*Work to be completed*
When you reach the line containing "#12357 = ORIENTED_EDGE" in the entries below, please begin setting down lines exactly, stop only after the last one, and add nothing else.

(Records excerpted from a collection)
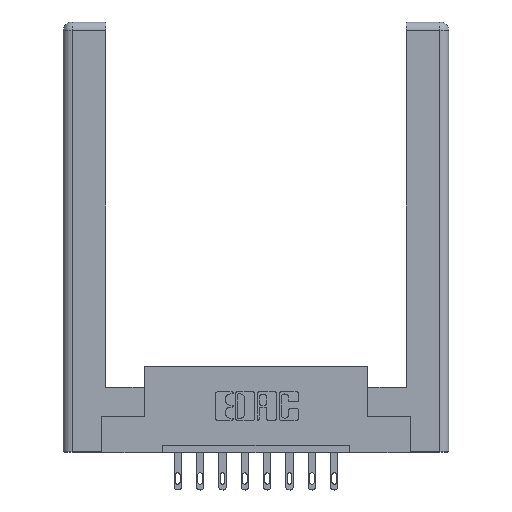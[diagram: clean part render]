
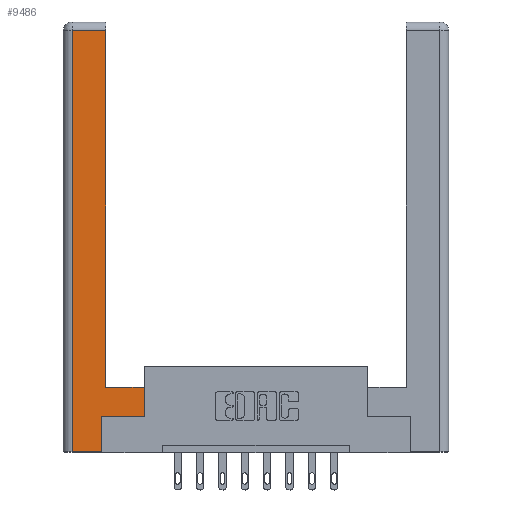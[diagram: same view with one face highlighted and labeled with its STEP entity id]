
A CAD part, top view. The second image highlights one B-rep face of the part: STEP entity #9486.
In plain terms, the highlighted planar face has unit normal (0, 0, 1).
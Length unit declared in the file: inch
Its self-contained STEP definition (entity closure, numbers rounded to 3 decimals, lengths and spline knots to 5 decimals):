
#478 = EDGE_CURVE ( 'NONE', #6401, #8917, #2889, .T. ) ;
#598 = CARTESIAN_POINT ( 'NONE',  ( 0.565, 0.245, 0. ) ) ;
#639 = LINE ( 'NONE', #598, #4429 ) ;
#657 = CARTESIAN_POINT ( 'NONE',  ( 0.265, 0.245, 0. ) ) ;
#1008 = ORIENTED_EDGE ( 'NONE', *, *, #2069, .T. ) ;
#1095 = ORIENTED_EDGE ( 'NONE', *, *, #10071, .T. ) ;
#1312 = LINE ( 'NONE', #7419, #6657 ) ;
#1315 = FACE_OUTER_BOUND ( 'NONE', #5333, .T. ) ;
#1328 = PLANE ( 'NONE',  #12095 ) ;
#2069 = EDGE_CURVE ( 'NONE', #10663, #6870, #5973, .T. ) ;
#2088 = CARTESIAN_POINT ( 'NONE',  ( 0.0615, 0., 0. ) ) ;
#2199 = CARTESIAN_POINT ( 'NONE',  ( 0.0615, 2.94, 0. ) ) ;
#2310 = EDGE_CURVE ( 'NONE', #6870, #5271, #639, .T. ) ;
#2889 = LINE ( 'NONE', #10849, #6343 ) ;
#3347 = DIRECTION ( 'NONE',  ( -1., 0., 0. ) ) ;
#3363 = ORIENTED_EDGE ( 'NONE', *, *, #10247, .T. ) ;
#3542 = CARTESIAN_POINT ( 'NONE',  ( 0.0615, 2.94, 0. ) ) ;
#3569 = VERTEX_POINT ( 'NONE', #2199 ) ;
#3958 = DIRECTION ( 'NONE',  ( -1., 0., 0. ) ) ;
#4299 = VECTOR ( 'NONE', #6576, 39.37008 ) ;
#4310 = DIRECTION ( 'NONE',  ( 0., 1., 0. ) ) ;
#4347 = CARTESIAN_POINT ( 'NONE',  ( 0.265, 0., 0. ) ) ;
#4429 = VECTOR ( 'NONE', #5815, 39.37008 ) ;
#4512 = DIRECTION ( 'NONE',  ( 1., 0., 0. ) ) ;
#4675 = CARTESIAN_POINT ( 'NONE',  ( 0.295, 2.94, 0. ) ) ;
#4679 = ORIENTED_EDGE ( 'NONE', *, *, #10178, .T. ) ;
#5204 = ORIENTED_EDGE ( 'NONE', *, *, #478, .T. ) ;
#5271 = VERTEX_POINT ( 'NONE', #11831 ) ;
#5333 = EDGE_LOOP ( 'NONE', ( #1095, #3363, #12357, #4679, #1008, #9115, #12610, #5204 ) ) ;
#5751 = DIRECTION ( 'NONE',  ( 0., 1., 0. ) ) ;
#5815 = DIRECTION ( 'NONE',  ( 1., 0., 0. ) ) ;
#5973 = LINE ( 'NONE', #7680, #11907 ) ;
#6335 = LINE ( 'NONE', #3542, #4299 ) ;
#6343 = VECTOR ( 'NONE', #3958, 39.37008 ) ;
#6348 = VECTOR ( 'NONE', #7130, 39.37008 ) ;
#6401 = VERTEX_POINT ( 'NONE', #12692 ) ;
#6576 = DIRECTION ( 'NONE',  ( -1., 0., 0. ) ) ;
#6657 = VECTOR ( 'NONE', #12474, 39.37008 ) ;
#6870 = VERTEX_POINT ( 'NONE', #657 ) ;
#7130 = DIRECTION ( 'NONE',  ( 0., -1., 0. ) ) ;
#7245 = EDGE_CURVE ( 'NONE', #5271, #6401, #1312, .T. ) ;
#7419 = CARTESIAN_POINT ( 'NONE',  ( 0.565, 0.45, 0. ) ) ;
#7680 = CARTESIAN_POINT ( 'NONE',  ( 0.265, 0.245, 0. ) ) ;
#8051 = LINE ( 'NONE', #10283, #6348 ) ;
#8426 = DIRECTION ( 'NONE',  ( 0., 0., -1. ) ) ;
#8600 = VERTEX_POINT ( 'NONE', #4675 ) ;
#8917 = VERTEX_POINT ( 'NONE', #10991 ) ;
#9115 = ORIENTED_EDGE ( 'NONE', *, *, #2310, .T. ) ;
#9269 = VECTOR ( 'NONE', #4512, 39.37008 ) ;
#9402 = CARTESIAN_POINT ( 'NONE',  ( 0., 0., 0. ) ) ;
#9409 = EDGE_CURVE ( 'NONE', #3569, #12235, #8051, .T. ) ;
#9486 = ADVANCED_FACE ( 'NONE', ( #1315 ), #1328, .F. ) ;
#10071 = EDGE_CURVE ( 'NONE', #8917, #8600, #11938, .T. ) ;
#10178 = EDGE_CURVE ( 'NONE', #12235, #10663, #10831, .T. ) ;
#10230 = VECTOR ( 'NONE', #4310, 39.37008 ) ;
#10247 = EDGE_CURVE ( 'NONE', #8600, #3569, #6335, .T. ) ;
#10271 = CARTESIAN_POINT ( 'NONE',  ( 0.295, 3., 0. ) ) ;
#10283 = CARTESIAN_POINT ( 'NONE',  ( 0.0615, 0., 0. ) ) ;
#10663 = VERTEX_POINT ( 'NONE', #4347 ) ;
#10831 = LINE ( 'NONE', #11450, #9269 ) ;
#10849 = CARTESIAN_POINT ( 'NONE',  ( 0.295, 0.45, 0. ) ) ;
#10991 = CARTESIAN_POINT ( 'NONE',  ( 0.295, 0.45, 0. ) ) ;
#11450 = CARTESIAN_POINT ( 'NONE',  ( 0.265, 0., 0. ) ) ;
#11831 = CARTESIAN_POINT ( 'NONE',  ( 0.565, 0.245, 0. ) ) ;
#11907 = VECTOR ( 'NONE', #5751, 39.37008 ) ;
#11938 = LINE ( 'NONE', #10271, #10230 ) ;
#12095 = AXIS2_PLACEMENT_3D ( 'NONE', #9402, #8426, #3347 ) ;
#12235 = VERTEX_POINT ( 'NONE', #2088 ) ;
#12357 = ORIENTED_EDGE ( 'NONE', *, *, #9409, .T. ) ;
#12474 = DIRECTION ( 'NONE',  ( 0., 1., 0. ) ) ;
#12610 = ORIENTED_EDGE ( 'NONE', *, *, #7245, .T. ) ;
#12692 = CARTESIAN_POINT ( 'NONE',  ( 0.565, 0.45, 0. ) ) ;

*Response box*
#12357 = ORIENTED_EDGE ( 'NONE', *, *, #9409, .T. ) ;
#12474 = DIRECTION ( 'NONE',  ( 0., 1., 0. ) ) ;
#12610 = ORIENTED_EDGE ( 'NONE', *, *, #7245, .T. ) ;
#12692 = CARTESIAN_POINT ( 'NONE',  ( 0.565, 0.45, 0. ) ) ;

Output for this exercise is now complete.